In der Tat.  Ich hab für MW2 1 Woche nach dem Release gerade mal 45 Pfund (~50€) bei Amazon.co.uk (inkl. Porto) bezahlt und ich zocke es bis heute leidenschaftlich.  Die Investition hat sich also gelohnt.
Wer zu doof ist, um nach gescheihten Preisen zu suchen, ist doch selbst schuld, wenn er sich abzocken lässt.



A.N.D.I. schrieb:


> Das ist soweit richtig, aber leider bremsen die  Konsolen den technologischen Fortschritt. Da man meistens einwenig mehr  für Konsolenspiele zahlt, gleicht es sich mit den Hardwarekosten des PCs  wieder aus.



Wieso sollten sie? Konsolen verfügen über kein DX, zumindest nicht die PS3 oder die Wii. Bei der Portierung auf den PC müssen die Entwickler also zwangsläufig völlig neue Renderpfade schreiben. Dabei könnten sie genauso gut auch gleich auf DX10/11 only setzen, aber dann könnten sie ja die WinXP-User ja nicht mehr abkassieren.


----------



## martimoto (14. August 2010)

Da bleib ich lieber bei BF2 Bad Ass


----------



## Shooter (14. August 2010)

A.N.D.I. schrieb:


> Das ist soweit richtig, aber leider bremsen die Konsolen den technologischen Fortschritt. Da man meistens einwenig mehr für Konsolenspiele zahlt, gleicht es sich mit den Hardwarekosten des PCs wieder aus.



Ja das sieht man auch an COD. 

An Battlefield eher weniger. 

Aber COD orientiert sich ja nur an Konsole und PC ist Schlagsahne


----------



## A.N.D.I. (14. August 2010)

GR-Thunderstorm schrieb:


> Wieso sollten sie? Konsolen verfügen über kein DX, zumindest nicht die PS3 oder die Wii. Bei der Portierung auf den PC müssen die Entwickler also zwangsläufig völlig neue Renderpfade schreiben. Dabei könnten sie genauso gut auch gleich auf DX10/11 only setzen, aber dann könnten sie ja die WinXP-User ja nicht mehr abkassieren.
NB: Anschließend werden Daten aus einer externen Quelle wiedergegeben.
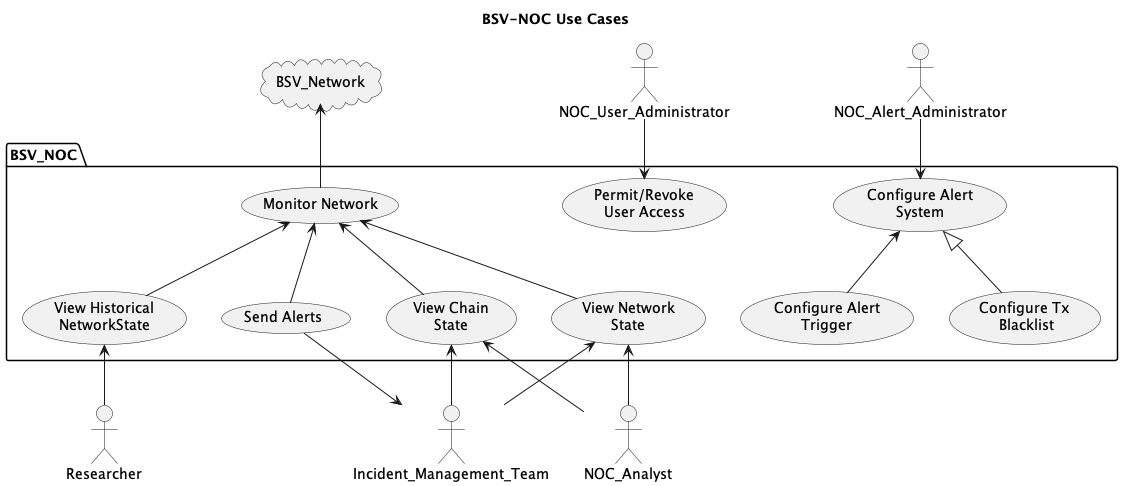

The diagram above was rendered by PlantUML. Its source (embedded in the PNG):
@startuml
Title BSV-NOC Use Cases

actor NOC_User_Administrator as NUA
actor NOC_Alert_Administrator as NAA

actor Incident_Management_Team as IMT

actor NOC_Analyst as NAnal
actor Researcher as R
cloud BSV_Network


package BSV_NOC {
    (Permit/Revoke\nUser Access)
    (Configure Alert\nTrigger) -up->  (Configure Alert\nSystem)
    (Configure Tx\n Blacklist) -up-|>  (Configure Alert\nSystem)

    (Monitor Network) -up-> BSV_Network
    (View Historical\nNetworkState) -up->  (Monitor Network)
    (View Network\nState) -up-> (Monitor Network)
    (View Chain\nState) -up-> (Monitor Network)
    (Send Alerts) -up-> (Monitor Network)
}
NAA -down-> (Configure Alert\nSystem)
NUA -down-> (Permit/Revoke\nUser Access)

NAnal -up-> (View Network\nState)
IMT -up-> (View Network\nState)
NAnal -up-> (View Chain\nState)
IMT -up-> (View Chain\nState)
R -up-> (View Historical\nNetworkState)

(Send Alerts) -down-> IMT

@enduml

Der PC ist die beste Plattform zum Entwickeln von Spielen. Man programmiert die Engine mit dem PC, wie zum Beispiel die CE 3 und erstellt die Levels usw. parallel für die Konsolen. Bei der CE 3 heißt das "Live Create". 
Sorry, falls das unverständlich ist.
Die große Verbreitung von XP behindert den Fortschritt ebenfalls. Leider denken die meisten Publisher bzw. Studios nur ans Geld und beißen nicht in den sauren Apfel, also mal mit weniger Umsatz rechnen, aber dafür den Fortschritt vorantreiben.


----------



## FreshStyleZ (14. August 2010)

GR-Thunderstorm schrieb:


> Wieso sollten sie? Konsolen verfügen über kein DX, zumindest nicht die PS3 oder die Wii. Bei der Portierung auf den PC müssen die Entwickler also zwangsläufig völlig neue Renderpfade schreiben. Dabei könnten sie genauso gut auch gleich auf DX10/11 only setzen, aber dann könnten sie ja die WinXP-User ja nicht mehr abkassieren.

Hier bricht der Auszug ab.